Use the following rulebook to receive ThousandEyes alert notifications by webhook to EDA. This example rulebook uses the webhook event source plugin and listens on port 8080, but you can change this to whatever port fits your requirements. The rulebook contains three rules:
A rule when the ThousandEyes alert notification is triggered and received, which executes an Ansible playbook to restart the web application
A rule when that restart app playbook execution succeeds
A rule when that restart app playbook execution fails
The first rule, which should match when the ThousandEyes alert notification is triggered, is based on the alert rule’s expression and the alert notification’s type. Specifically, this rule condition matches when the alert notification is triggered, not cleared, and when the alert rule expression matches the one we just configured above, i.e., Response Code is server error (5xx)
. When this first rule is matched, it runs an action of executing a playbook. In this example, the playbook will restart the web application on the target host. Additionally, the results of the playbook execution will be fed back into the rulebook.

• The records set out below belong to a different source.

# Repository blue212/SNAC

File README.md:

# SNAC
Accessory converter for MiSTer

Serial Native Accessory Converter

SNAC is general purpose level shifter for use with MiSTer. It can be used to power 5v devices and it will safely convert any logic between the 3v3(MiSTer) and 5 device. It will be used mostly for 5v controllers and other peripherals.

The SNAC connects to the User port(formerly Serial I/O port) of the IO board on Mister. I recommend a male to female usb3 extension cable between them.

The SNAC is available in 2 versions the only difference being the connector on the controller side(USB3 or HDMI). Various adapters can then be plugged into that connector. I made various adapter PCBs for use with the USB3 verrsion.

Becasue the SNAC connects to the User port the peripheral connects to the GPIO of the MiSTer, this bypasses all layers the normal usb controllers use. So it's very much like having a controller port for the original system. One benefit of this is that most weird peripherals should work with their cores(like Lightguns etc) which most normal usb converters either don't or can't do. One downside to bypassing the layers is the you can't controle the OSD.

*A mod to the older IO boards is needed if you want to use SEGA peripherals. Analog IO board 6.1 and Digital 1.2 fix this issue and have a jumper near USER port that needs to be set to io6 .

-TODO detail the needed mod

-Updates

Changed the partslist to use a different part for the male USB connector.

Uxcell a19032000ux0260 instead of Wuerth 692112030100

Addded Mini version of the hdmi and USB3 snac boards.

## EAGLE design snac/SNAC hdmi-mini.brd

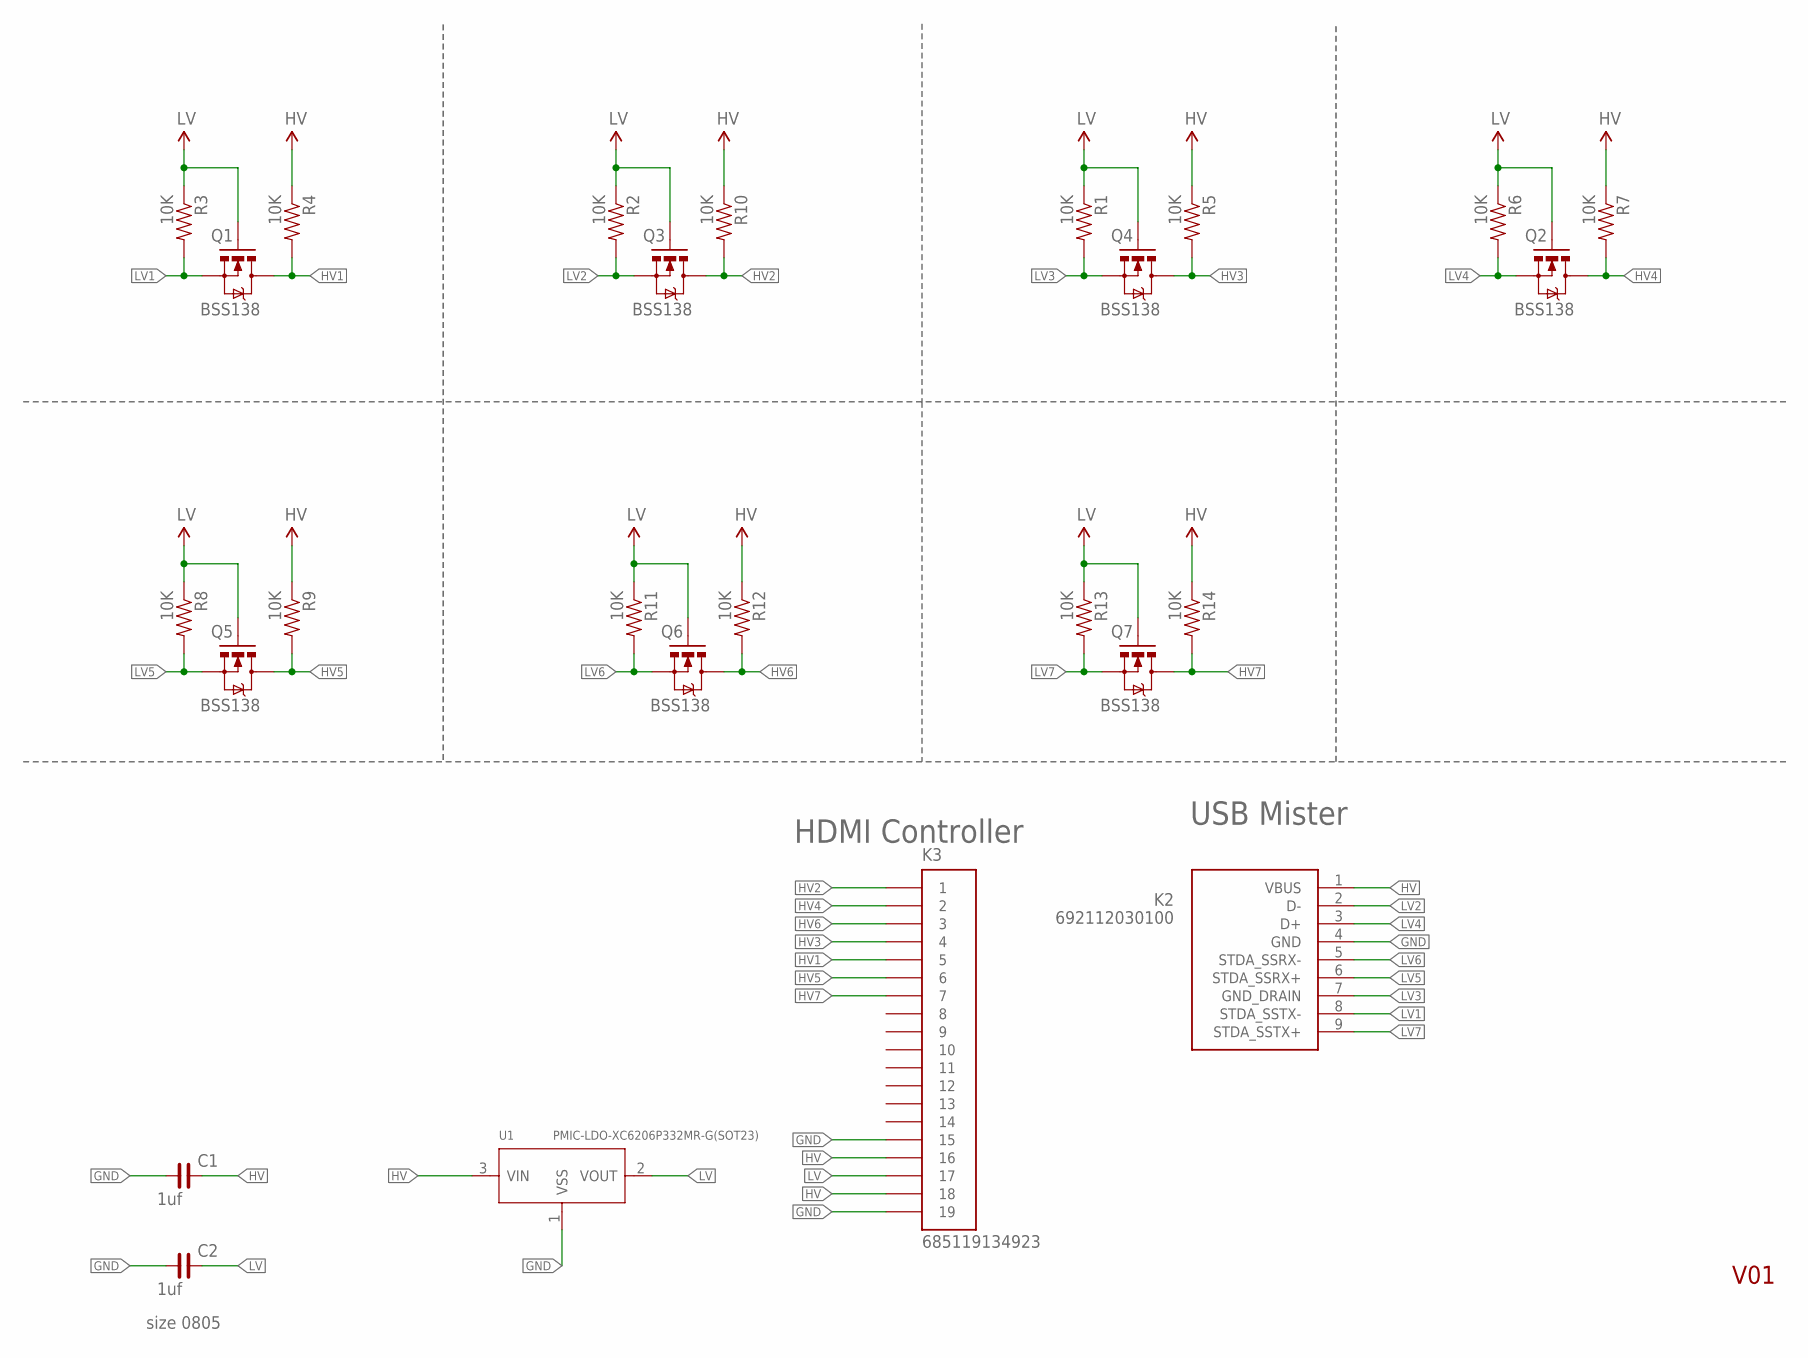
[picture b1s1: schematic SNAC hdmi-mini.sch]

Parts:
C1, C2: 1uf; C0805
K2: 692112030100
K3: 685119134923
Q1, Q2, Q3, Q4, Q5, Q6, Q7: BSS138; SOT23-3
R1, R2, R3, R4, R5, R6, R7, R8, R9, R10, R11, R12, R13, R14: 10K; 0603-RES
U1: PMIC-LDO-XC6206P332MR-G(SOT23); SOT-23

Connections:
GND: C1.1, C2.1, K2.4 (GND), K3.15, K3.19, U1.1 (VSS)
HV: C1.2, K2.1 (VBUS), K3.16, K3.18, R4.1, R5.1, R7.1, R9.1, R10.1, R12.1, R14.1, U1.3 (VIN)
HV1: K3.5, Q1.3 (D), R4.2
HV2: K3.1, Q3.3 (D), R10.2
HV3: K3.4, Q4.3 (D), R5.2
HV4: K3.2, Q2.3 (D), R7.2
HV5: K3.6, Q5.3 (D), R9.2
HV6: K3.3, Q6.3 (D), R12.2
HV7: K3.7, Q7.3 (D), R14.2
LV: C2.2, K3.17, Q1.1 (G), Q2.1 (G), Q3.1 (G), Q4.1 (G), Q5.1 (G), Q6.1 (G), Q7.1 (G), R1.1, R2.1, R3.1, R6.1, R8.1, R11.1, R13.1, U1.2 (VOUT)
LV1: K2.8 (STDA_SSTX-), Q1.2 (S), R3.2
LV2: K2.2 (D-), Q3.2 (S), R2.2
LV3: K2.7 (GND_DRAIN), Q4.2 (S), R1.2
LV4: K2.3 (D+), Q2.2 (S), R6.2
LV5: K2.6 (STDA_SSRX+), Q5.2 (S), R8.2
LV6: K2.5 (STDA_SSRX-), Q6.2 (S), R11.2
LV7: K2.9 (STDA_SSTX+), Q7.2 (S), R13.2

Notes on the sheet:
V01
USB Mister
size 0805
HDMI Controller

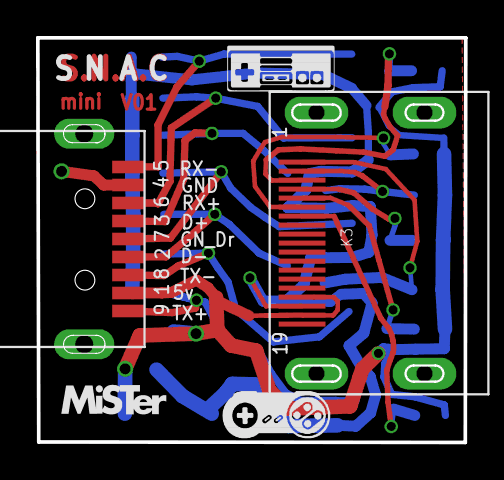
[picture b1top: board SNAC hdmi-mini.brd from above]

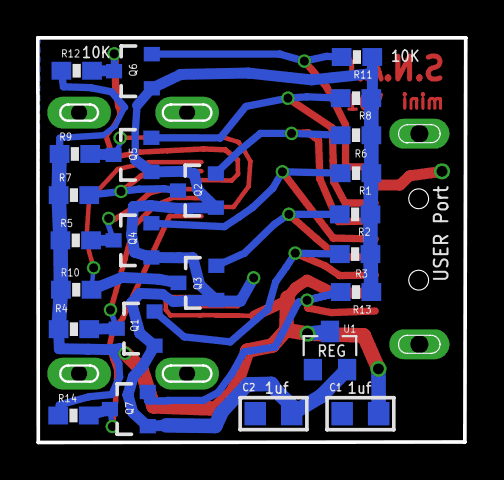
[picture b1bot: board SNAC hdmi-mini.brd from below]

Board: 2 copper layers, 23.8 x 22.5 mm, 26 parts (24 on the bottom side), 17 nets.

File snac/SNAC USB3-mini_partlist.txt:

Partlist

EAGLE Version 7.7.0 Copyright (c) 1988-2016 CadSoft

Assembly variant: 

Part     Value                          Package         Library                          Position (inch)       Orientation

C1       1uf                            C0805           rc-master-smd                   (0.23239998 0.06189998) MR0
C2       1uf                            C0805           rc-master-smd                   (0.42249975 0.062)    MR0
K1       692121030100                   692121030100    Wuerth_Elektronik               (1.86 0.42)           R270
K2       a19032000ux0260                a19032000ux0260 Uxcell                          (0.2 0.42)            R90
Q1       BSS138                         SOT23-3         SparkFun                        (0.734 0.194)         MR90
Q2       BSS138                         SOT23-3         SparkFun                        (0.729 0.565)         MR90
Q3       BSS138                         SOT23-3         SparkFun                        (0.73 0.317)          MR90
Q4       BSS138                         SOT23-3         SparkFun                        (0.729 0.441)         MR90
Q5       BSS138                         SOT23-3         SparkFun                        (0.729 0.689)         MR90
Q6       BSS138                         SOT23-3         SparkFun                        (0.728 0.811)         MR90
Q7       BSS138                         SOT23-3         SparkFun                        (0.731 0.072)         MR90
R1       10K                            0603-RES        SparkFun                        (0.242 0.588)         MR180
R2       10K                            0603-RES        SparkFun                        (0.244 0.498)         MR180
R3       10K                            0603-RES        SparkFun                        (0.244 0.411)         MR180
R4       10K                            0603-RES        SparkFun                        (0.86210002 0.19380007) MR0
R5       10K                            0603-RES        SparkFun                        (0.855 0.441)         MR0
R6       10K                            0603-RES        SparkFun                        (0.242 0.671)         MR180
R7       10K                            0603-RES        SparkFun                        (0.856 0.565)         MR0
R8       10K                            0603-RES        SparkFun                        (0.242 0.752)         MR180
R9       10K                            0603-RES        SparkFun                        (0.853 0.689)         MR0
R10      10K                            0603-RES        SparkFun                        (0.859 0.317)         MR0
R11      10K                            0603-RES        SparkFun                        (0.24 0.842)          MR180
R12      10K                            0603-RES        SparkFun                        (0.853 0.812)         MR0
R13      10K                            0603-RES        SparkFun                        (0.242 0.328)         MR180
R14      10K                            0603-RES        SparkFun                        (0.861 0.071)         MR0
U1       PMIC-LDO-XC6206P332MR-G(SOT23) SOT-23          PMIC-LDO-XC6206P332MR-G_SOT23_  (0.299 0.2)           MR0

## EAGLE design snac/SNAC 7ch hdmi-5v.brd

The second and third rules match based on the results of the playbook executed in the first rule. This allows EDA to handle both possible outcomes of attempting to restart the web application. If the playbook succeeded, one followup action may be to post an informational message to a Slack or Webex channel. If the playbook failed, there may be additional playbooks to run to try to remediate the 5xx server error, or to create an incident in an ITSM to escalate the issue and fall back to a manual process.